Brief — Copy every line of the entries that includes the word "scope".

++++ Task data

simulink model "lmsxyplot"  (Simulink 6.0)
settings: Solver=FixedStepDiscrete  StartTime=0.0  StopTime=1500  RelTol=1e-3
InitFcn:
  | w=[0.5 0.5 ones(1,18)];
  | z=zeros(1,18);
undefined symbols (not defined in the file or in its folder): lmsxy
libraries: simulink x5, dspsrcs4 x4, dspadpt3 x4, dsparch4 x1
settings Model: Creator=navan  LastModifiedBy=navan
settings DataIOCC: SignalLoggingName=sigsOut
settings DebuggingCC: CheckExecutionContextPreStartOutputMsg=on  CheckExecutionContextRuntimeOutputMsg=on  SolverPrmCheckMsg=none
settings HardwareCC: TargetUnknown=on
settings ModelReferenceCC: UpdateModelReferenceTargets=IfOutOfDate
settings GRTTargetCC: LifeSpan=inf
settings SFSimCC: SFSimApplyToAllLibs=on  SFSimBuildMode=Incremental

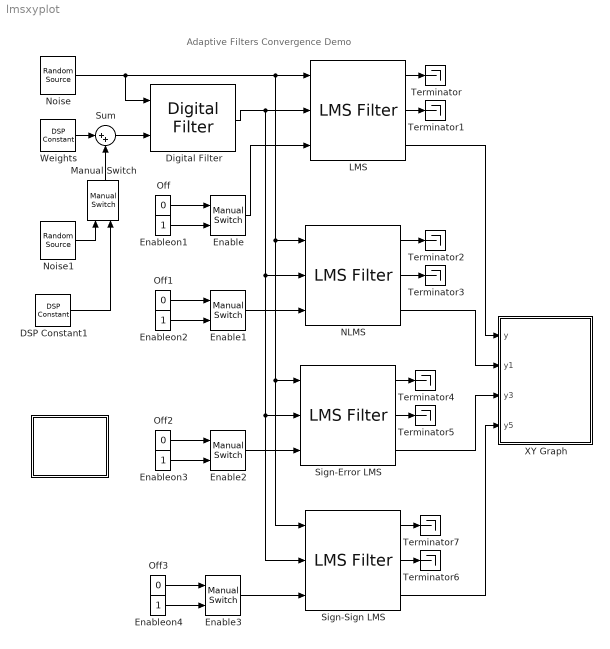
== system lmsxyplot ==
  note: Adaptive Filters Convergence Demo
  " " : Subsystem  EnableExecutionContextPropagation=on
      mask Type: Frame-Based Simulation Info
      mask Display: disp('Info')
  DSP Constant1 : dspsrcs4/DSP Constant  Value=0  SampleMode=Discrete  discreteOutput=Sample-based  continuousOutput=Sample-based  sampTime=1  framePeriod=2  dataType=Inherit from 'Constant value'  isSigned=on  wordLen=16  udDataType=sfix(16)  fracBitsMode=Best precision  numFracBits=15  InterpretAs1D=-inf  Ts=-inf  FramebasedOutput=-inf
  Digital Filter : dsparch4/Digital Filter  DialogController=dspDDGCreate  DialogControllerArgs=DataTag0  TypePopup=FIR (all zeros)  IIRFiltStruct=Direct form II transposed  AllPoleFiltStruct=Direct form  FIRFiltStruct=Direct form  CoeffSource=Input port(s)  NumCoeffs=[1 2]  DenCoeffs=[1 0.1]  BiQuadCoeffs=[1 0.3 0.4 1 0.1 0.2]  LatticeCoeffs=[0.2 0.4]  denIgnore=on  FiltPerSampPopup=One filter per frame  IC=0  ICnum=0  ICden=0  roundingMode=Floor  overflowMode=off  ScaleValues=0  scaleValueFracLength=14  tapSumFracLength=30  stageInFracLength=15  stageOutFracLength=15
  Enable{,1..3} (4 alike) : simulink/Signal Routing/Manual Switch  sw=0  action=0
  Enableon{1..4} (4 alike) : Constant  OutDataTypeMode=boolean
  LMS : dspadpt3/LMS Filter  DialogController=dspDDGCreate  DialogControllerArgs=DataTag1  Algo=LMS  L=20  stepflag=Dialog  mu=0.005  leakage=1.0  ic=[0 0 z]  Adapt=on  resetflag=None  weights=on  firstCoeffMode=User-defined  firstCoeffWordLength=16  firstCoeffFracLength=15  secondCoeffMode=User-defined  secondCoeffWordLength=2  secondCoeffFracLength=15  accumMode=User-defined  accumWordLength=32  accumFracLength=20  accum2Mode=User-defined  accum2FracLength=20  prodOutputMode=User-defined  prodOutputWordLength=32  prodOutputFracLength=20  prodOutput2Mode=User-defined  prodOutput2FracLength=20  prodOutput3Mode=User-defined  prodOutput3FracLength=20  prodOutput4Mode=User-defined  prodOutput4FracLength=20  quotientMode=User-defined  quotientFracLength=20  memoryMode=User-defined  memoryWordLength=16  memoryFracLength=15  roundingMode=Nearest  overflowMode=on
  Manual Switch : simulink/Signal Routing/Manual Switch  Orientation=up  sw=0  action=0
  NLMS : dspadpt3/LMS Filter  DialogController=dspDDGCreate  DialogControllerArgs=DataTag2  Algo=Normalized LMS  L=20  stepflag=Dialog  mu=0.05  leakage=1.0  ic=[1 0 z]  Adapt=on  resetflag=None  weights=on  firstCoeffMode=User-defined  firstCoeffWordLength=16  firstCoeffFracLength=15  secondCoeffMode=User-defined  secondCoeffWordLength=2  secondCoeffFracLength=15  accumMode=User-defined  accumWordLength=32  accumFracLength=20  accum2Mode=User-defined  accum2FracLength=20  prodOutputMode=User-defined  prodOutputWordLength=32  prodOutputFracLength=20  prodOutput2Mode=User-defined  prodOutput2FracLength=20  prodOutput3Mode=User-defined  prodOutput3FracLength=20  prodOutput4Mode=User-defined  prodOutput4FracLength=20  quotientMode=User-defined  quotientFracLength=20  memoryMode=User-defined  memoryWordLength=16  memoryFracLength=15  roundingMode=Nearest  overflowMode=on
  Noise : dspsrcs4/Random Source  SrcType=Gaussian  NormMethod=Ziggurat  CltLength=12  Min=0  Max=1  Mean=0  Var=1  RepMode=Specify seed  Seed=[23341]  Inherit=off  SampMode=Discrete  SampTime=1  SampFrame=1  DataType=Double  OutComplex=Real
  Noise1 : dspsrcs4/Random Source  SrcType=Gaussian  NormMethod=Ziggurat  CltLength=12  Min=0  Max=1  Mean=0  Var=0.01  RepMode=Specify seed  Seed=[23341]  Inherit=off  SampMode=Discrete  SampTime=1/20  SampFrame=20  DataType=Double  OutComplex=Real
  Off{,1..3} (4 alike) : Constant  Value=0  OutDataTypeMode=boolean
  Sign-Error LMS : dspadpt3/LMS Filter  DialogController=dspDDGCreate  DialogControllerArgs=DataTag3  Algo=Sign-Error LMS  L=20  stepflag=Dialog  mu=0.005  leakage=1.0  ic=[0 1 z]  Adapt=on  resetflag=None  weights=on  firstCoeffMode=User-defined  firstCoeffWordLength=16  firstCoeffFracLength=15  secondCoeffMode=User-defined  secondCoeffWordLength=2  secondCoeffFracLength=15  accumMode=User-defined  accumWordLength=32  accumFracLength=20  accum2Mode=User-defined  accum2FracLength=20  prodOutputMode=User-defined  prodOutputWordLength=32  prodOutputFracLength=20  prodOutput2Mode=User-defined  prodOutput2FracLength=20  prodOutput3Mode=User-defined  prodOutput3FracLength=20  prodOutput4Mode=User-defined  prodOutput4FracLength=20  quotientMode=User-defined  quotientFracLength=20  memoryMode=User-defined  memoryWordLength=16  memoryFracLength=15  roundingMode=Nearest  overflowMode=on
  Sign-Sign LMS : dspadpt3/LMS Filter  DialogController=dspDDGCreate  DialogControllerArgs=DataTag4  Algo=Sign-Sign LMS  L=20  stepflag=Dialog  mu=0.005  leakage=1.0  ic=[1 1 z]  Adapt=on  resetflag=None  weights=on  firstCoeffMode=User-defined  firstCoeffWordLength=16  firstCoeffFracLength=15  secondCoeffMode=User-defined  secondCoeffWordLength=2  secondCoeffFracLength=15  accumMode=User-defined  accumWordLength=32  accumFracLength=20  accum2Mode=User-defined  accum2FracLength=20  prodOutputMode=User-defined  prodOutputWordLength=32  prodOutputFracLength=20  prodOutput2Mode=User-defined  prodOutput2FracLength=20  prodOutput3Mode=User-defined  prodOutput3FracLength=20  prodOutput4Mode=User-defined  prodOutput4FracLength=20  quotientMode=User-defined  quotientFracLength=20  memoryMode=User-defined  memoryWordLength=16  memoryFracLength=15  roundingMode=Nearest  overflowMode=on
  Sum : Sum  Inputs=|++  SaturateOnIntegerOverflow=on
  Terminator{,1..7} (8 alike) : Terminator
  Weights : dspsrcs4/DSP Constant  Value=w'  SampleMode=Discrete  discreteOutput=Sample-based  continuousOutput=Sample-based  sampTime=1  framePeriod=2  dataType=Inherit from 'Constant value'  isSigned=on  wordLen=16  udDataType=sfix(16)  fracBitsMode=Best precision  numFracBits=15  InterpretAs1D=-inf  Ts=-inf  FramebasedOutput=-inf
  XY Graph : Subsystem  LoadFcn=lmsxy([],[],[],'LoadBlock',[])  StopFcn=lmsxy([],[],[],'Stop',[])  TreatAsAtomicUnit=on  EnableExecutionContextPropagation=on  SimViewingDevice=on  mask(XY scope.){xmin=0, xmax=1, ymin=0, ymax=1, st=-1, R=[0 1], W=w}
      mask prompts: xmin "x-min:"; xmax "x-max:"; ymin "y-min:"; ymax "y-max:"; st "Sample time:"; R "Input parameters [mean variance]"; W "Weights"
      mask help: XY scope using MATLAB graph window. First input is used as time base. Enter plotting ranges.
      mask init:
      | lmsxy([],[],[],'Start', [R W(1:2) xmin xmax ymin ymax])
      settings: CopyFcn=lmsxy([],[],[],'CopyBlock',[])  DeleteFcn=lmsxy([],[],[],'DeleteBlock',[])  NameChangeFcn=lmsxy([],[],[],'NameChange',[])
      mask Help: This block can be used to explore limit cycles. Look at the m-file sfunxy.m to see how it works.
      mask Display: plot([.05 .95 .95 .05 .05],[.45 .45 .95 .95 .45], 0.5+cos(0:0.1:2*pi)*0.3,0.7+sin(0:0.1:2*pi)*0.2)
  wires:
  Noise/1 -> LMS/1, NLMS/1, Sign-Error LMS/1, Sign-Sign LMS/1, Digital Filter/1
  Digital Filter/1 -> LMS/2, NLMS/2, Sign-Error LMS/2, Sign-Sign LMS/2
  LMS/1 -> Terminator/1
  LMS/2 -> Terminator1/1
  LMS/3 -> XY Graph/1(y)
  NLMS/3 -> XY Graph/2(y1)
  Sign-Error LMS/3 -> XY Graph/3(y3)
  NLMS/1 -> Terminator2/1
  NLMS/2 -> Terminator3/1
  Sign-Error LMS/1 -> Terminator4/1
  Sign-Error LMS/2 -> Terminator5/1
  Sign-Sign LMS/2 -> Terminator6/1
  Sign-Sign LMS/1 -> Terminator7/1
  Enable/1 -> LMS/3
  Enable1/1 -> NLMS/3
  Enable3/1 -> Sign-Sign LMS/3
  Sum/1 -> Digital Filter/2
  Weights/1 -> Sum/1
  Manual Switch/1 -> Sum/2
  Noise1/1 -> Manual Switch/1
  DSP Constant1/1 -> Manual Switch/2
  Off/1 -> Enable/1
  Enableon1/1 -> Enable/2
  Off1/1 -> Enable1/1
  Enableon2/1 -> Enable1/2
  Enable2/1 -> Sign-Error LMS/3
  Off2/1 -> Enable2/1
  Enableon3/1 -> Enable2/2
  Off3/1 -> Enable3/1
  Enableon4/1 -> Enable3/2
  Sign-Sign LMS/3 -> XY Graph/4(y5)

== system lmsxyplot/  ==
  note: Adaptive filter convergence
      |
      | This demo shows the convergence path taken by different adaptive filtering algorithms. The plot is a sequence
      | of points of the form (w1,w2) where w1 and w2 are the weights of the adaptive filter. The blue dots in the
      | figure indicate the contour lines of the error surface.
      |
      | Zoom(Tools->Zoom In) into the graph to see properties of convergence path.
      |
      | This demo does not depict the convergence speed of the different algorithms.
      | You can experiment with different step-size values for the adaptive filters to see the change in convergence paths.
      | Each of the adaptive filters can be enabled or disabled separately.
      |
      | LMS - Least mean square
      | NLMS - Normalized LMS
      | SELMS - Sign-error LMS
      | SSLMS - Sign-sign LMS

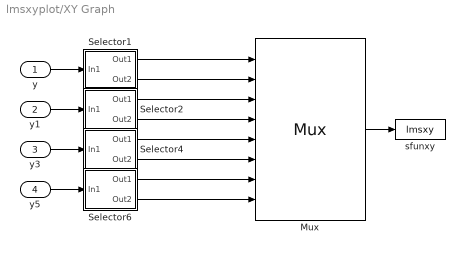
== system lmsxyplot/XY Graph ==
  y : Inport  LatchInput=off
  y1 : Inport  Port=2  LatchInput=off
  y3 : Inport  Port=3  LatchInput=off
  y5 : Inport  Port=4  LatchInput=off
  Mux : Mux  Inputs=8
  Selector1 : Subsystem  EnableExecutionContextPropagation=on
  Selector2 : Subsystem  EnableExecutionContextPropagation=on
  Selector4 : Subsystem  EnableExecutionContextPropagation=on
  Selector6 : Subsystem  EnableExecutionContextPropagation=on
  sfunxy : S-Function  FunctionName=lmsxy  Parameters=[xmin xmax ymin ymax 1:6], st
  wires:
  Selector1/2(Out2) -> Mux/2
  Mux/1 -> sfunxy/1
  Selector1/1(Out1) -> Mux/1
  Selector2/1(Out1) -> Mux/3
  Selector2/2(Out2) -> Mux/4
  Selector4/1(Out1) -> Mux/5
  Selector4/2(Out2) -> Mux/6
  Selector6/1(Out1) -> Mux/7
  Selector6/2(Out2) -> Mux/8
  y/1 -> Selector1/1(In1)
  y1/1 -> Selector2/1(In1)
  y3/1 -> Selector4/1(In1)
  y5/1 -> Selector6/1(In1)

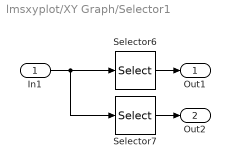
== system lmsxyplot/XY Graph/Selector1 ==
  In1 : Inport  LatchInput=off
  Selector6 : Selector  Elements=2
  Selector7 : Selector
  Out1 : Outport
  Out2 : Outport  Port=2
  wires:
  Selector7/1 -> Out2/1
  Selector6/1 -> Out1/1
  In1/1 -> Selector7/1, Selector6/1

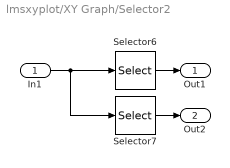
== system lmsxyplot/XY Graph/Selector2 ==
  In1 : Inport  LatchInput=off
  Selector6 : Selector  Elements=2
  Selector7 : Selector
  Out1 : Outport
  Out2 : Outport  Port=2
  wires:
  Selector7/1 -> Out2/1
  Selector6/1 -> Out1/1
  In1/1 -> Selector7/1, Selector6/1

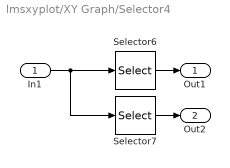
== system lmsxyplot/XY Graph/Selector4 ==
  In1 : Inport  LatchInput=off
  Selector6 : Selector  Elements=2
  Selector7 : Selector
  Out1 : Outport
  Out2 : Outport  Port=2
  wires:
  In1/1 -> Selector6/1, Selector7/1
  Selector6/1 -> Out1/1
  Selector7/1 -> Out2/1

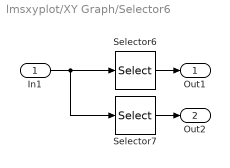
== system lmsxyplot/XY Graph/Selector6 ==
  In1 : Inport  LatchInput=off
  Selector6 : Selector  Elements=2
  Selector7 : Selector
  Out1 : Outport
  Out2 : Outport  Port=2
  wires:
  Selector7/1 -> Out2/1
  Selector6/1 -> Out1/1
  In1/1 -> Selector7/1, Selector6/1

++++++++

Exercise response —
  XY Graph : Subsystem  LoadFcn=lmsxy([],[],[],'LoadBlock',[])  StopFcn=lmsxy([],[],[],'Stop',[])  TreatAsAtomicUnit=on  EnableExecutionContextPropagation=on  SimViewingDevice=on  mask(XY scope.){xmin=0, xmax=1, ymin=0, ymax=1, st=-1, R=[0 1], W=w}
      mask help: XY scope using MATLAB graph window. First input is used as time base. Enter plotting ranges.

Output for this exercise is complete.